● Exercise description: With the pictures excluded, retype the records that follow exactly.

● Data for processing:

+ + +

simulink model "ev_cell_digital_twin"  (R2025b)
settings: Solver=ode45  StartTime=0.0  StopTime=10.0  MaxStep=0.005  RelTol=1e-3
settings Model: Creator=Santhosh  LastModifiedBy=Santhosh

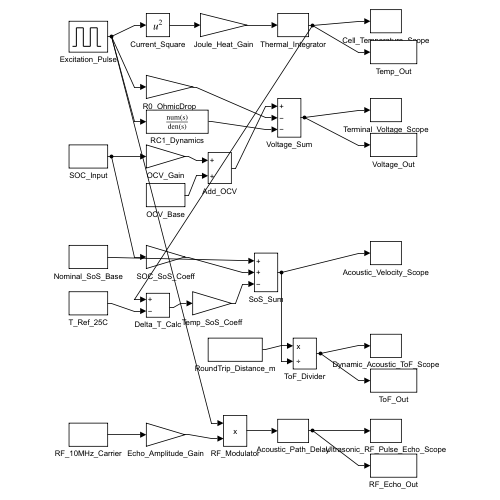
[thumbnail: Simulink's stored preview of the top-level diagram]
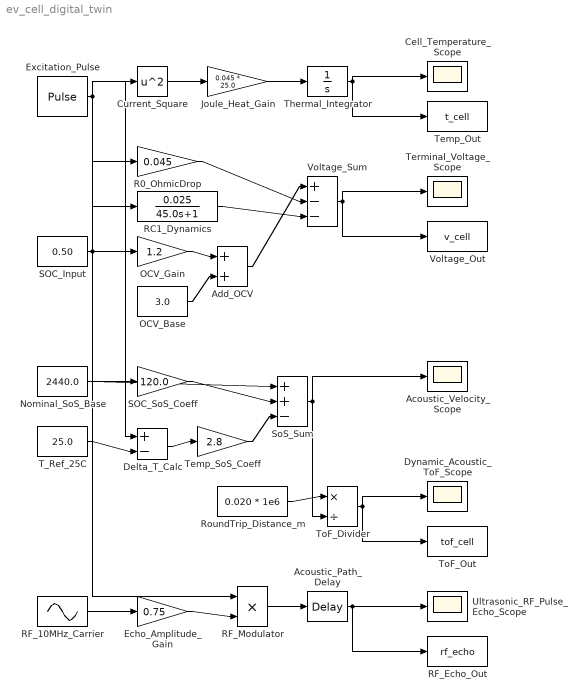
== system ev_cell_digital_twin ==
  Acoustic_Path_Delay : TransportDelay  DelayTime=0.008
  Acoustic_Velocity_Scope : Scope
  Add_OCV : Sum
  Cell_Temperature_Scope : Scope
  Current_Square : Math  Operator=square
  Delta_T_Calc : Sum  Inputs=+-
  Dynamic_Acoustic_ToF_Scope : Scope
  Echo_Amplitude_Gain : Gain  Gain=0.75
  Excitation_Pulse : DiscretePulseGenerator  PulseType=Time based  Amplitude=0.5  Period=1.0  PulseWidth=20
  Joule_Heat_Gain : Gain  Gain=0.045 * 25.0
  Nominal_SoS_Base : Constant  Value=2440.0
  OCV_Base : Constant  Value=3.0
  OCV_Gain : Gain  Gain=1.2
  R0_OhmicDrop : Gain  Gain=0.045
  RC1_Dynamics : TransferFcn  Numerator=[0.025]  Denominator=[45.0, 1]
  RF_10MHz_Carrier : Sin  Amplitude=1.0  Frequency=2*pi*5.0  SampleTime=0
  RF_Echo_Out : ToWorkspace  VariableName=rf_echo  SampleTime=-1
  RF_Modulator : Product  Inputs=**
  RoundTrip_Distance_m : Constant  Value=0.020 * 1e6
  SOC_Input : Constant  Value=0.50
  SOC_SoS_Coeff : Gain  Gain=120.0
  SoS_Sum : Sum  Inputs=++-
  T_Ref_25C : Constant  Value=25.0
  Temp_Out : ToWorkspace  VariableName=t_cell  SampleTime=-1
  Temp_SoS_Coeff : Gain  Gain=2.8
  Terminal_Voltage_Scope : Scope
  Thermal_Integrator : Integrator  InitialCondition=25.0
  ToF_Divider : Product  Inputs=*/
  ToF_Out : ToWorkspace  VariableName=tof_cell  SampleTime=-1
  Ultrasonic_RF_Pulse_Echo_Scope : Scope
  Voltage_Out : ToWorkspace  VariableName=v_cell  SampleTime=-1
  Voltage_Sum : Sum  Inputs=+--
  wires:
  Excitation_Pulse/1 -> Current_Square/1, R0_OhmicDrop/1, RC1_Dynamics/1, RF_Modulator/1
  Current_Square/1 -> Joule_Heat_Gain/1
  Joule_Heat_Gain/1 -> Thermal_Integrator/1
  Thermal_Integrator/1 -> Cell_Temperature_Scope/1, Temp_Out/1, Delta_T_Calc/1
  SOC_Input/1 -> OCV_Gain/1, SOC_SoS_Coeff/1
  OCV_Gain/1 -> Add_OCV/1
  OCV_Base/1 -> Add_OCV/2
  Add_OCV/1 -> Voltage_Sum/1
  R0_OhmicDrop/1 -> Voltage_Sum/2
  RC1_Dynamics/1 -> Voltage_Sum/3
  Voltage_Sum/1 -> Terminal_Voltage_Scope/1, Voltage_Out/1
  T_Ref_25C/1 -> Delta_T_Calc/2
  Delta_T_Calc/1 -> Temp_SoS_Coeff/1
  Nominal_SoS_Base/1 -> SoS_Sum/1
  SOC_SoS_Coeff/1 -> SoS_Sum/2
  Temp_SoS_Coeff/1 -> SoS_Sum/3
  SoS_Sum/1 -> Acoustic_Velocity_Scope/1, ToF_Divider/2
  RoundTrip_Distance_m/1 -> ToF_Divider/1
  ToF_Divider/1 -> Dynamic_Acoustic_ToF_Scope/1, ToF_Out/1
  RF_10MHz_Carrier/1 -> Echo_Amplitude_Gain/1
  Echo_Amplitude_Gain/1 -> RF_Modulator/2
  RF_Modulator/1 -> Acoustic_Path_Delay/1
  Acoustic_Path_Delay/1 -> Ultrasonic_RF_Pulse_Echo_Scope/1, RF_Echo_Out/1

+ + +

● Output for this task:
simulink model "ev_cell_digital_twin"  (R2025b)
settings: Solver=ode45  StartTime=0.0  StopTime=10.0  MaxStep=0.005  RelTol=1e-3
settings Model: Creator=Santhosh  LastModifiedBy=Santhosh

[thumbnail: Simulink's stored preview of the top-level diagram]
== system ev_cell_digital_twin ==
  Acoustic_Path_Delay : TransportDelay  DelayTime=0.008
  Acoustic_Velocity_Scope : Scope
  Add_OCV : Sum
  Cell_Temperature_Scope : Scope
  Current_Square : Math  Operator=square
  Delta_T_Calc : Sum  Inputs=+-
  Dynamic_Acoustic_ToF_Scope : Scope
  Echo_Amplitude_Gain : Gain  Gain=0.75
  Excitation_Pulse : DiscretePulseGenerator  PulseType=Time based  Amplitude=0.5  Period=1.0  PulseWidth=20
  Joule_Heat_Gain : Gain  Gain=0.045 * 25.0
  Nominal_SoS_Base : Constant  Value=2440.0
  OCV_Base : Constant  Value=3.0
  OCV_Gain : Gain  Gain=1.2
  R0_OhmicDrop : Gain  Gain=0.045
  RC1_Dynamics : TransferFcn  Numerator=[0.025]  Denominator=[45.0, 1]
  RF_10MHz_Carrier : Sin  Amplitude=1.0  Frequency=2*pi*5.0  SampleTime=0
  RF_Echo_Out : ToWorkspace  VariableName=rf_echo  SampleTime=-1
  RF_Modulator : Product  Inputs=**
  RoundTrip_Distance_m : Constant  Value=0.020 * 1e6
  SOC_Input : Constant  Value=0.50
  SOC_SoS_Coeff : Gain  Gain=120.0
  SoS_Sum : Sum  Inputs=++-
  T_Ref_25C : Constant  Value=25.0
  Temp_Out : ToWorkspace  VariableName=t_cell  SampleTime=-1
  Temp_SoS_Coeff : Gain  Gain=2.8
  Terminal_Voltage_Scope : Scope
  Thermal_Integrator : Integrator  InitialCondition=25.0
  ToF_Divider : Product  Inputs=*/
  ToF_Out : ToWorkspace  VariableName=tof_cell  SampleTime=-1
  Ultrasonic_RF_Pulse_Echo_Scope : Scope
  Voltage_Out : ToWorkspace  VariableName=v_cell  SampleTime=-1
  Voltage_Sum : Sum  Inputs=+--
  wires:
  Excitation_Pulse/1 -> Current_Square/1, R0_OhmicDrop/1, RC1_Dynamics/1, RF_Modulator/1
  Current_Square/1 -> Joule_Heat_Gain/1
  Joule_Heat_Gain/1 -> Thermal_Integrator/1
  Thermal_Integrator/1 -> Cell_Temperature_Scope/1, Temp_Out/1, Delta_T_Calc/1
  SOC_Input/1 -> OCV_Gain/1, SOC_SoS_Coeff/1
  OCV_Gain/1 -> Add_OCV/1
  OCV_Base/1 -> Add_OCV/2
  Add_OCV/1 -> Voltage_Sum/1
  R0_OhmicDrop/1 -> Voltage_Sum/2
  RC1_Dynamics/1 -> Voltage_Sum/3
  Voltage_Sum/1 -> Terminal_Voltage_Scope/1, Voltage_Out/1
  T_Ref_25C/1 -> Delta_T_Calc/2
  Delta_T_Calc/1 -> Temp_SoS_Coeff/1
  Nominal_SoS_Base/1 -> SoS_Sum/1
  SOC_SoS_Coeff/1 -> SoS_Sum/2
  Temp_SoS_Coeff/1 -> SoS_Sum/3
  SoS_Sum/1 -> Acoustic_Velocity_Scope/1, ToF_Divider/2
  RoundTrip_Distance_m/1 -> ToF_Divider/1
  ToF_Divider/1 -> Dynamic_Acoustic_ToF_Scope/1, ToF_Out/1
  RF_10MHz_Carrier/1 -> Echo_Amplitude_Gain/1
  Echo_Amplitude_Gain/1 -> RF_Modulator/2
  RF_Modulator/1 -> Acoustic_Path_Delay/1
  Acoustic_Path_Delay/1 -> Ultrasonic_RF_Pulse_Echo_Scope/1, RF_Echo_Out/1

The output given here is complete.